Subventions et des contributions :

Retour à la page de recherche

Titre :

Novel Algorithms to Approximate the Future Consequence of Sequential Decisions

Numéro de l’entente :

RGPIN

Valeur d'entente :

100 000,00 $

Date d'entente :

10 mai 2017 -

Organisation :

Conseil de recherches en sciences naturelles et en génie du Canada

Location :

Alberta, Autre, CA

Numéro de référence :

GC-2017-Q1-02287

Type d'entente :

subvention

Type de rapport :

Subventions et des contributions

Renseignements supplémentaires :

Subvention ou bourse octroyée s'appliquant à plus d'un exercice financier. (2017-2018 à 2022-2023)

Nom légal du bénéficiaire :

Sabouri Bagh Abbas, Alireza (University of Calgary)

Programme :

Programme de subventions à la découverte - individuelles

But du programme :

Many complex problems arising in business, health care, and transportation can be modelled as sequential decision making problems under uncertainty, meaning that a decision maker has to make decisions periodically while some random events unfold over time. For instance, an airline dynamically changes the fare for different flights over a network of cities without knowing the actual future demand, trying to maximize its revenue while managing the risk of unsold seats. These problems can be conveniently modelled in the form of dynamic programs, a method that finds the best decision by maximizing the sum of immediate reward and the expected future reward. Unfortunately, for many practical problems, the number of future scenarios that one should consider in order to calculate the expected future reward function is exponentially large, making exact calculation of this function intractable. In order to overcome this issue, approximate dynamic programming (ADP) methods have been developed to find an approximate optimal solution.

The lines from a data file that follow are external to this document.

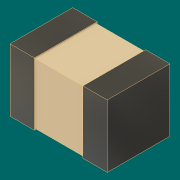
# Autodesk Inventor part: 0805 Capacitor
Saved by Autodesk Inventor 2016 (Build 200138000, 138)
## iProperties
Created: 2015-08-25
Part Number: 0805 Capacitor
Material: ABS Plastic
Document SubType Name: Modeling
Designer: Cosmic
Density: 1.06 g/cm^3
Appearance: Smooth - Off-White
Author: Cosmic
Autodesk Inventor part; units mm, degrees
ref_plane "YZ Plane" through (0, 0, 0) normal (1, 0, 0) x (0, 1, 0)
ref_plane "XZ Plane" through (0, 0, 0) normal (0, 1, 0) x (-1, 0, 0)
ref_plane "XY Plane" through (0, 0, 0) normal (0, 0, 1) x (1, 0, 0)
sketch "Sketch1" plane through (0, 0, 0) normal (0, 0, 1) x (1, 0, 0)
  line L0 (-1, -0.625) -> (1, -0.625)
  line L1 (1, -0.625) -> (1, 0.625)
  line L2 (1, 0.625) -> (-1, 0.625)
  line L3 (-1, 0.625) -> (-1, -0.625)
  line L4 (-1, -0.625) -> (1, 0.625) construction
  line L5 (1, -0.625) -> (-1, 0.625) construction
  point P0 (0, 0)
  dimension "d0" = 2
  dimension "d1" = 1.25
  constraints: 12 end point, 2 midpoint, 2 parallel, 1 horizontal, 1 perpendicular
  measures "d0" distance of L2.end L1.end
  measures "d1" distance of L1.end L0.end
extrude "Extrusion1" add sketch "Sketch1" along normal blind 1.25
sketch "Sketch2" plane through (1, -0.625, 0) normal (1, 0, 0) x (0, 0, -1)
  line L0 (0, 0) -> (0, 1.25) projected
  line L1 (0, 1.25) -> (-1.25, 1.25) projected
  line L2 (-1.25, 0) -> (-1.25, 1.25) projected
  line L3 (0, 0) -> (-1.25, 0) projected
  line L4 (-1.27, 1.27) -> (0.02, 1.27)
  line L5 (0.02, 1.27) -> (0.02, -0.02)
  line L6 (0.02, -0.02) -> (-1.27, -0.02)
  line L7 (-1.27, -0.02) -> (-1.27, 1.27)
  point P0 (0, 0.625)
  dimension "d4" = 0.02
  constraints: 8 end point, 3 other
  measures "d4" distance between parallel lines of L1 L4
extrude "Extrusion2" add sketch "Sketch2" against normal blind 0.5
sketch "Sketch3" plane through (-1, -0.625, 0) normal (-1, 0, 0) x (0, 0, 1)
  line L0 (0, 1.25) -> (0, 0) projected
  line L1 (0, 0) -> (1.25, 0) projected
  line L2 (1.25, 1.25) -> (1.25, 0) projected
  line L3 (0, 1.25) -> (1.25, 1.25) projected
  line L4 (1.27, -0.02) -> (-0.02, -0.02)
  line L5 (-0.02, -0.02) -> (-0.02, 1.27)
  line L6 (-0.02, 1.27) -> (1.27, 1.27)
  line L7 (1.27, 1.27) -> (1.27, -0.02)
  point P0 (0, 0.625)
  dimension "d7" = 0.02
  constraints: 8 end point, 3 other
  measures "d7" distance between parallel lines of L2 L7
extrude "Extrusion3" add sketch "Sketch3" against normal blind 0.5
body "Solid1"
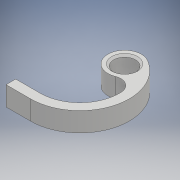
# Autodesk Inventor part: tablet_arm_joint
Saved by Autodesk Inventor 2018.3 (Build 223284000, 284)
## iProperties
Created: 2020-10-27
Part Number: tablet_arm_joint
Material: Generic
Document SubType Name: Modeling
Designer: chris
Density: 1 g/cm^3
Appearance: Default
Author: chris
Autodesk Inventor part; units mm, degrees
ref_plane "YZ Plane" through (0, 0, 0) normal (1, 0, 0) x (0, 1, 0)
ref_plane "XZ Plane" through (0, 0, 0) normal (0, 1, 0) x (-1, 0, 0)
ref_plane "XY Plane" through (0, 0, 0) normal (0, 0, 1) x (1, 0, 0)
sketch "Sketch1" plane through (0, 0, 0) normal (0, 0, 1) x (1, 0, 0)
  line L0 (0, -10) -> (25.4, -10)
  line L1 (25.4, 0) -> (0, 0)
  line L2 (0, 0) -> (0, -10)
  circle A0 centre (42.7, 70) radius 11.3
  arc A1 (51.5714, 84.8522) -> (49.2048, 53.9695) centre (42.7, 70) ccw
  arc A2 (25.4, -10) -> (51.5714, 84.8522) centre (25.4, 41.0367) ccw
  arc A3 (66.3907, 42.9781) -> (49.2048, 53.9695) centre (53.9047, 42.3867) ccw
  arc A4 (25.4, 0) -> (66.3907, 42.9781) centre (25.4, 41.0367) ccw
  point P0 (0, 0)
  point P1 (12.7, -10)
  point P2 (12.7, 0)
  constraints: 8 point on circle, 6 end point, 5 centre point, 2 horizontal, 2 midpoint, 2 tangent, 1 parallel, 5 other
extrude "Extrusion1" add sketch "Sketch1" along normal blind 20
chamfer "Chamfer2" distance 2 angle 45 2 edges at (31.4, 70, 20) (31.4, 70, 0)
body "Solid1"
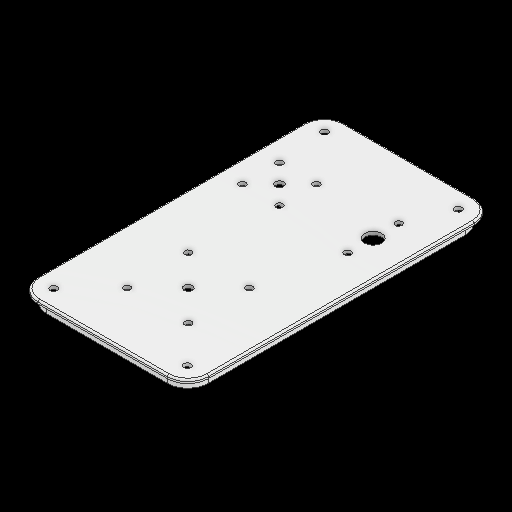
# Autodesk Inventor part: gora
Saved by Autodesk Inventor 2024.4 (Build 284460000, 460)
## iProperties
Created: 2026-02-13
Part Number: gora
Material: Tworzywo sztuczne ABS
Document SubType Name: Modeling
Designer: User
Density: 1.06 g/cm^3
Appearance: Gładki — biały
Author: User
Autodesk Inventor part; units mm, degrees
ref_plane "YZ Plane" through (0, 0, 0) normal (1, 0, 0) x (0, 1, 0)
ref_plane "XZ Plane" through (0, 0, 0) normal (0, 1, 0) x (-1, 0, 0)
ref_plane "XY Plane" through (0, 0, 0) normal (0, 0, 1) x (1, 0, 0)
sketch "Szkic1" plane through (0, 0, 0) normal (0, 1, 0) x (-1, 0, 0)
  line L0 (-47.5, 75.5) -> (-47.5, -75.5)
  line L1 (-35.5, -87.5) -> (35.5, -87.5)
  arc A0 (-47.5, -75.5) -> (-35.5, -87.5) centre (-35.5, -75.5) ccw
  line L2 (-50, 78) -> (-50, -78)
  line L3 (38, -90) -> (-38, -90)
  arc A1 (-50, -78) -> (-38, -90) centre (-38, -78) ccw
  arc A2 (35.5, -87.5) -> (47.5, -75.5) centre (35.5, -75.5) ccw
  line L4 (-35.5, -87.5) -> (35.5, -87.5)
  arc A3 (-50, -78) -> (-38, -90) centre (-38, -78) ccw
  line L5 (38, -90) -> (-38, -90)
  line L6 (-50, -78) -> (-50, 78)
  line L7 (-47.5, 75.5) -> (-47.5, -75.5)
  circle A4 centre (-39.2105, -79.5457) radius 2.6
  circle A5 centre (-39.2105, -79.5457) radius 2.6
  circle A6 centre (-39.2105, 79.5457) radius 2.6
  circle A7 centre (-39.2105, 79.5457) radius 2.6
  circle A8 centre (39.2105, 79.5457) radius 2.6
  circle A9 centre (39.2105, 79.5457) radius 2.6
  circle A10 centre (39.2105, -79.5457) radius 2.6
  circle A11 centre (39.2105, -79.5457) radius 2.6
  line L8 (50, -78) -> (50, 78)
  line L9 (50, -78) -> (50, 78)
  line L10 (38, 90) -> (-38, 90)
  line L11 (38, 90) -> (-38, 90)
  arc A12 (-35.5, 87.5) -> (-47.5, 75.5) centre (-35.5, 75.5) ccw
  arc A13 (47.5, 75.5) -> (35.5, 87.5) centre (35.5, 75.5) ccw
  line L12 (-35.5, 87.5) -> (35.5, 87.5)
  line L13 (47.5, 75.5) -> (47.5, -75.5)
  line L14 (47.5, 75.5) -> (47.5, -75.5)
  arc A14 (35.5, -87.5) -> (47.5, -75.5) centre (35.5, -75.5) ccw
  arc A15 (38, -90) -> (50, -78) centre (38, -78) ccw
  arc A16 (38, -90) -> (50, -78) centre (38, -78) ccw
  arc A17 (47.5, 75.5) -> (35.5, 87.5) centre (35.5, 75.5) ccw
  arc A18 (50, 78) -> (38, 90) centre (38, 78) ccw
  arc A19 (50, 78) -> (38, 90) centre (38, 78) ccw
  arc A20 (-38, 90) -> (-50, 78) centre (-38, 78) ccw
  arc A21 (-38, 90) -> (-50, 78) centre (-38, 78) ccw
  arc A22 (-35.5, 87.5) -> (-47.5, 75.5) centre (-35.5, 75.5) ccw
  line L15 (-46.55, 73.99) -> (-46.55, -73.99)
  line L16 (-34.79, -85.75) -> (34.79, -85.75)
  arc A23 (-46.55, -73.99) -> (-34.79, -85.75) centre (-34.79, -73.99) ccw
  arc A24 (34.79, -85.75) -> (46.55, -73.99) centre (34.79, -73.99) ccw
  line L17 (-34.79, -85.75) -> (34.79, -85.75)
  line L18 (-46.55, 73.99) -> (-46.55, -73.99)
  arc A25 (-34.79, 85.75) -> (-46.55, 73.99) centre (-34.79, 73.99) ccw
  arc A26 (46.55, 73.99) -> (34.79, 85.75) centre (34.79, 73.99) ccw
  line L19 (-34.79, 85.75) -> (34.79, 85.75)
  line L20 (46.55, 73.99) -> (46.55, -73.99)
  line L21 (46.55, 73.99) -> (46.55, -73.99)
  arc A27 (34.79, -85.75) -> (46.55, -73.99) centre (34.79, -73.99) ccw
  arc A28 (46.55, 73.99) -> (34.79, 85.75) centre (34.79, 73.99) ccw
  arc A29 (-34.79, 85.75) -> (-46.55, 73.99) centre (-34.79, 73.99) ccw
  point P0 (0, 0)
  point P1 (0, 0)
  point P2 (0, 0)
  constraints: 46 point on circle, 44 end point, 30 centre point, 18 tangent, 5 horizontal, 4 coincident, 2 collinear, 2 concentric, 2 vertical, 1 parallel
extrude "Wyciągnięcie proste1" add sketch "Szkic1" along normal blind 2 contours A12 L12 A13 L13 A2 L1 A0 L0 | A20 L10 A18 L8 A15 L3 A1 L2 | A4 | A6 | A8 | A10 | A25 L19 A26 L20 A24 L16 A23 L15
extrude "Wyciągnięcie proste2" add sketch "Szkic1" against normal blind 5 contours A12 L12 A13 L13 A2 L1 A0 L0
extrude "Wyciągnięcie proste3" cut sketch "Szkic1" along normal blind 5 contours A4 | A6 | A8 | A10
offset faces "Rozmiar3" outward -0.1 faces at (46.6705, -3.3333, -79.8841) (11.8333, -3.3333, -87.5) (47.5, -1.6667, 25.1667) (-45.8923, -3.3333, -81.5) (-47.5, -1.6667, -25.1667) (-43.6621, -3.3333, 84.2966) (-11.8333, -1.6667, 87.5) (47.366, -3.3333, 77.2885)
sketch "Szkic2" plane through (0, 0, 0) normal (0, -1, 0) x (1, 0, 0)
  line L0 (-46.6033, 85.9761) -> (46.6912, 85.9761) construction
  line L1 (46.6912, 85.9761) -> (46.6912, -85.8318) construction
  line L2 (46.6912, -85.8318) -> (-46.6033, -85.8318) construction
  line L3 (-46.6033, -85.8318) -> (-46.6033, 85.9761) construction
  line L4 (-21.1651, 35.5677) -> (-24.1992, 23.5677)
  line L5 (-24.1992, 23.5677) -> (-27.5055, 23.5677)
  line L6 (-27.5055, 23.5677) -> (-29.4309, 30.9875)
  line L7 (-29.4309, 30.9875) -> (-31.2883, 23.5677)
  line L8 (-31.2883, 23.5677) -> (-34.6044, 23.5677)
  line L9 (-34.6044, 23.5677) -> (-37.6384, 35.5677)
  line L10 (-37.6384, 35.5677) -> (-34.5071, 35.5677)
  line L11 (-34.5071, 35.5677) -> (-32.854, 27.5353)
  line L12 (-32.854, 27.5353) -> (-30.8507, 35.5677)
  line L13 (-30.8507, 35.5677) -> (-27.8556, 35.5677)
  line L14 (-27.8556, 35.5677) -> (-25.9496, 27.5256)
  line L15 (-25.9496, 27.5256) -> (-24.2186, 35.5677)
  line L16 (-24.2186, 35.5677) -> (-21.1651, 35.5677)
  spline S0 degree 2 poles (-15.204, 23.3246) (-17.7713, 23.3246) (-20.5039, 25.7752) (-20.5039, 28.041) knots 0 0 0 1 2 2 2
  spline S1 degree 2 poles (-20.5039, 28.041) (-20.5039, 30.2581) (-17.9561, 32.9032) (-15.6611, 32.9032) knots 0 0 0 1 2 2 2
  spline S2 degree 2 poles (-15.6611, 32.9032) (-13.5898, 32.9032) (-11.4893, 30.6568) (-11.4893, 28.5758) knots 0 0 0 1 2 2 2
  line L17 (-11.4893, 28.5758) -> (-11.4893, 27.5547)
  line L18 (-11.4893, 27.5547) -> (-17.6838, 27.5547)
  spline S3 degree 2 poles (-17.6838, 27.5547) (-17.6449, 26.9226) (-17.1878, 26.0863) (-16.8183, 25.8335) knots 0 0 0 1 2 2 2
  spline S4 degree 2 poles (-16.8183, 25.8335) (-16.4585, 25.5807) (-15.486, 25.3667) (-14.9123, 25.3667) knots 0 0 0 1 2 2 2
  spline S5 degree 2 poles (-14.9123, 25.3667) (-14.4261, 25.3667) (-13.4731, 25.5807) (-13.0744, 25.7654) knots 0 0 0 1 2 2 2
  spline S6 degree 2 poles (-13.0744, 25.7654) (-12.7243, 25.9113) (-12.1408, 26.2711) (-11.9561, 26.4073) knots 0 0 0 1 2 2 2
  line L19 (-11.9561, 26.4073) -> (-11.6546, 26.4073)
  line L20 (-11.6546, 26.4073) -> (-11.6546, 24.0734)
  spline S7 degree 2 poles (-11.6546, 24.0734) (-12.0047, 23.9372) (-12.5687, 23.7038) (-13.0744, 23.5872) knots 0 0 0 1 2 2 2
  spline S8 degree 2 poles (-13.0744, 23.5872) (-13.5314, 23.4607) (-14.5039, 23.3246) (-15.204, 23.3246) knots 0 0 0 1 2 2 2
  spline S9 degree 2 poles (-14.2705, 29.2565) (-14.2899, 30.1512) (-15.0776, 31.0944) (-15.8848, 31.0944) knots 0 0 0 1 2 2 2
  spline S10 degree 2 poles (-15.8848, 31.0944) (-16.7113, 31.0944) (-17.6449, 30.1026) (-17.6935, 29.2565) knots 0 0 0 1 2 2 2
  line L21 (-17.6935, 29.2565) -> (-14.2705, 29.2565)
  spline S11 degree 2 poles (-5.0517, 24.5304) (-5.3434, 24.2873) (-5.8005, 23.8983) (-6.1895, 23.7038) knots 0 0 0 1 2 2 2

A cornerstone of many ADP algorithms is defining a set of basis functions (or an approximation architecture) for approximating the future consequence of present decisions (the expected future reward function). Currently, the choice of basis functions requires prior expert knowledge about the problem, and is usually considered as more of an art than a science. My research program aims to develop, study, and apply novel algorithms that automate generation of basis functions by efficiently selecting a subset of functions from a large pool of potential basis functions, and updating this set as more information becomes known about the problem. The benefit of such algorithms is twofold: first, it reduces the burden to come up with a well-informed set of basis functions that requires significant prior knowledge about the problem; second, since many potential candidates are considered for basis functions, it is expected that the quality of the approximation is improved. My short-term objective includes evaluating the performance of the proposed algorithms in a variety of application areas, such as perishable inventory management, patient scheduling, and revenue management.

ADP is a general method that is commonly used for solving many different problems in a variety of applications. As the quality of the policies generated by these algorithms is dependent on the quality of the basis functions chosen, it would be of great interest, both theoretically and practically, if the process of generating and selecting basis functions can be automated. Therefore, even a small improvement achieved by the findings of my research would have significant practical implications in multiple application areas.